The sacrifice was the seal of the covenant with blood. The blood of any covenant means “If I do not hold up my end of the covenant, may I be like these dead animals”. It is sealed at the cost of one’s life. "Those who have violated my covenant and have not fulfilled the terms of the covenant they made before me, I will treat like the calf they cut in two and then walked between its pieces" (Jer 34:18,19). That is an important thing to remember! God kept his promise, but man did not. The depravity of human life immersed in sin could only be redeemed by a sinless man to take up the sacrifice by giving life. The fire was a symbol of God's plan on the cross, where Jesus the son of man and Son of God was crucified. When the Prince of righteousness was burned in the fire of sin, the sun refused to shine and darkness pervaded the earth. Jesus took up on the penalty of sin and gave His life for all human beings.
Today, we don't have to search among the stars, but just look up to the mount of Calvary, where there is the cross of Jesus. The symbol that was given as shame and suffering has become victory and glory to those who believe. It is the greatest covenant in history, that God sealed with the blood of His own son. That covenant cleans up any stains of sin, blots out any bit of darkness of doubts and fear. Generations after generations look upto the cross and are being added to Abraham's family like countless stars in the sky. To look up, then, is a constant reminder of the impossible dream that God had shared with our forefather Abraham where the creator of this Universe made a covenant with His creation.

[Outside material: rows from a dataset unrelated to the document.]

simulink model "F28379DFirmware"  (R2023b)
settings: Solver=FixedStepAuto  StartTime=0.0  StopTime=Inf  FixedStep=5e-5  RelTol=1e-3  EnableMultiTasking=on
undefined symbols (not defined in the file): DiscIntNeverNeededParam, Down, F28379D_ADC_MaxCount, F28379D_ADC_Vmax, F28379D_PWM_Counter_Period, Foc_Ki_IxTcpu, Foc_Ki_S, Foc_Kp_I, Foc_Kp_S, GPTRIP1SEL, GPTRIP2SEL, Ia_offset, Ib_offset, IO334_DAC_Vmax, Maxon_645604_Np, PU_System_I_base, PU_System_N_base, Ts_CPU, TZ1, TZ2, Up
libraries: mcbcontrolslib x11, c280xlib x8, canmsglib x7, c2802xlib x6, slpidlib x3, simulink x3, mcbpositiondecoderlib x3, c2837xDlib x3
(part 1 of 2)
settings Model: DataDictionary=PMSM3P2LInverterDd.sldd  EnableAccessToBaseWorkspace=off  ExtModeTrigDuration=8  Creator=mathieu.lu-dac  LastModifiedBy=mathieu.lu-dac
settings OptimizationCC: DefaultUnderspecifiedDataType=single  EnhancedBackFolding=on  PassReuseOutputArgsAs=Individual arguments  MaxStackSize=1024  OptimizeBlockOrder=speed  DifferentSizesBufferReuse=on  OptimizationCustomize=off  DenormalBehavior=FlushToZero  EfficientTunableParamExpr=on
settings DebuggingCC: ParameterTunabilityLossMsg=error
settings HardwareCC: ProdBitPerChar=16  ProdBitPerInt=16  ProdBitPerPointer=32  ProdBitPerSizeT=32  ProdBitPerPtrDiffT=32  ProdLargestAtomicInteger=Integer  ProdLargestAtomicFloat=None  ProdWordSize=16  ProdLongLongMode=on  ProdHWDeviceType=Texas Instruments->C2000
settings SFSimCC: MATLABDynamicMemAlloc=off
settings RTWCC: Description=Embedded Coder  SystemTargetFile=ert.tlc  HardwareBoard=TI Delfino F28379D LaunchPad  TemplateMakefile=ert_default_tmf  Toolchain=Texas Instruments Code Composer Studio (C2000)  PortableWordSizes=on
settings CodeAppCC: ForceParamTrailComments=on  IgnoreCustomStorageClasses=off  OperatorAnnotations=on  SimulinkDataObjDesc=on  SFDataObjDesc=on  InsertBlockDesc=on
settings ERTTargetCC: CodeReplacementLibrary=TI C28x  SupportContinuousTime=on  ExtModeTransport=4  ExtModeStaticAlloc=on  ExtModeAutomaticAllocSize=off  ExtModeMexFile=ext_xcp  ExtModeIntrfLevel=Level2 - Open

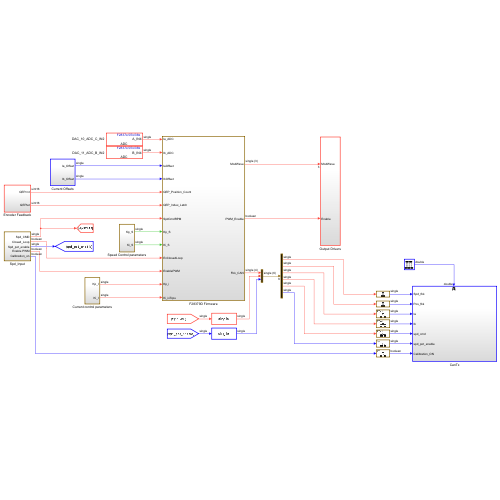
[thumbnail: Simulink's stored preview of the top-level diagram]
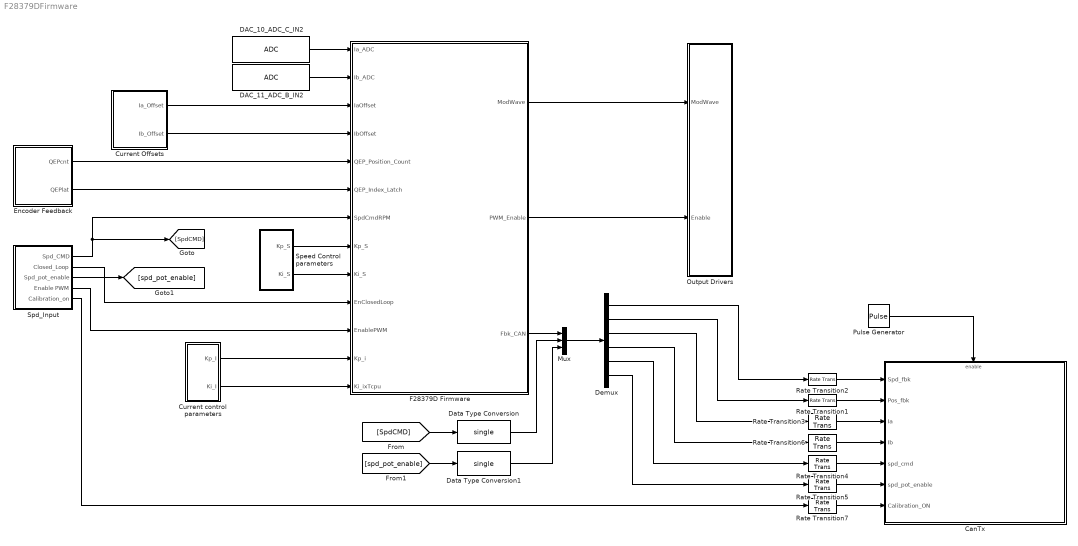
== system F28379DFirmware ==
  CanTx : Subsystem
  Current Offsets : Subsystem
  Current control parameters : Subsystem
  DAC_10_ADC_C_IN2 : c2802xlib/ADC  blkParamProc=C2000_Type4  ADCModule=A  samplingMode=Single sample mode  ADCResolution=12-bit (Single-ended input)  useSOC1=SOC0  useSOC2=SOC0_SOC1  SOCAcquisitionWindow=15  SOCTriggerSource=ePWM1_ADCSOCA  SOCInterruptTrigger=No ADCINT  Ts=-1  dType=single  postInterrupt=off  interruptSel=ADCINT1  ADCINTContinuous=on  endma=off  chdma=1  conv1=ADCINA0  conv2=ADCINA0 and ADCINB0  conv1_Type4=ADCIN4  conv2_Type4=ADCIN0 and ADCIN1
  DAC_11_ADC_B_IN2 : c2802xlib/ADC  blkParamProc=C2000_Type4  ADCModule=B  samplingMode=Single sample mode  ADCResolution=12-bit (Single-ended input)  useSOC1=SOC0  useSOC2=SOC0_SOC1  SOCAcquisitionWindow=15  SOCTriggerSource=ePWM1_ADCSOCA  SOCInterruptTrigger=No ADCINT  Ts=-1  dType=single  postInterrupt=on  interruptSel=ADCINT1  ADCINTContinuous=on  endma=off  chdma=1  conv1=ADCINA0  conv2=ADCINA0 and ADCINB0  conv1_Type4=ADCIN4  conv2_Type4=ADCIN0 and ADCIN1
  Data Type Conversion : DataTypeConversion  OutDataTypeStr=single  SaturateOnIntegerOverflow=off  RndMeth=Floor
  Data Type Conversion1 : DataTypeConversion  OutDataTypeStr=single  SaturateOnIntegerOverflow=off  RndMeth=Floor
  Demux : Demux  Outputs=6
  Encoder Feedback : Subsystem
  F28379D Firmware : Subsystem
  Mux : Mux  Inputs=3
  Output Drivers : Subsystem
  Pulse Generator : DiscretePulseGenerator  Period=10  PulseWidth=5  SampleTime=-1
  Rate Transition{1..7} (7 alike) : RateTransition  OutPortSampleTime=1e-3
  Spd_Input : Subsystem
  Speed Control parameters : Subsystem
  wires:
  Pulse Generator/1 -> CanTx/Enable
  Rate Transition2/1 -> CanTx/1(Spd_fbk)
  Rate Transition1/1 -> CanTx/2(Pos_fbk)
  F28379D Firmware/2(PWM_Enable) -> Output Drivers/2(Enable)
  F28379D Firmware/1(ModWave) -> Output Drivers/1(ModWave)
  Rate Transition3/1 -> CanTx/3(Ia)
  DAC_11_ADC_B_IN2/1 -> F28379D Firmware/2(Ib_ADC)
  DAC_10_ADC_C_IN2/1 -> F28379D Firmware/1(Ia_ADC)
  Spd_Input/1(Spd_CMD) -> F28379D Firmware/7(SpdCmdRPM), [SpdCMD]
  Speed Control parameters/1(Kp_S) -> F28379D Firmware/8(Kp_S)
  Speed Control parameters/2(Ki_S) -> F28379D Firmware/9(Ki_S)
  Spd_Input/2(Closed_Loop) -> F28379D Firmware/10(EnClosedLoop)
  Spd_Input/4(Enable PWM) -> F28379D Firmware/11(EnablePWM)
  Rate Transition4/1 -> CanTx/5(spd_cmd)
  Rate Transition5/1 -> CanTx/6(spd_pot_enable)
  Demux/1 -> Rate Transition2/1
  Demux/2 -> Rate Transition1/1
  Rate Transition6/1 -> CanTx/4("Ib ")
  Demux/5 -> Rate Transition4/1
  Demux/6 -> Rate Transition5/1
  Current Offsets/1(Ia_Offset) -> F28379D Firmware/3(IaOffset)
  Current Offsets/2(Ib_Offset) -> F28379D Firmware/4(IbOffset)
  Demux/3 -> Rate Transition3/1
  Demux/4 -> Rate Transition6/1
  Current control parameters/1(Kp_I) -> F28379D Firmware/12(Kp_i)
  Current control parameters/2(Ki_I) -> F28379D Firmware/13(Ki_ixTcpu)
  Encoder Feedback/1(QEPcnt) -> F28379D Firmware/5(QEP_Position_Count)
  Encoder Feedback/2(QEPlat) -> F28379D Firmware/6(QEP_Index_Latch)
  F28379D Firmware/3(Fbk_CAN) -> Mux/1
  Mux/1 -> Demux/1
  Spd_Input/3(Spd_pot_enable) -> [spd_pot_enable]
  [SpdCMD] -> Data Type Conversion/1
  [spd_pot_enable] -> Data Type Conversion1/1
  Data Type Conversion/1 -> Mux/2
  Data Type Conversion1/1 -> Mux/3
  Spd_Input/5(Calibration_on) -> Rate Transition7/1
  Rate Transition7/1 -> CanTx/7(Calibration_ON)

When our hands droop, our knees are weak, and we are weighed down with worry and burdens, and feel like giving up, we can remember that we have a Saviour who will not let go of his grip on us. Life may not be easy but Jesus’ love for us and His forgiveness are as strong as ever. “He who did not spare his own Son, but gave him up for us all—how will he not also, along with him, graciously give us all things?” (Romans 8:32). His plan is for us to know how good He is, and how much He loves us. In fact, faith looks forward to a time when all Abraham's desendants will be welcomed into the promised land of heaven.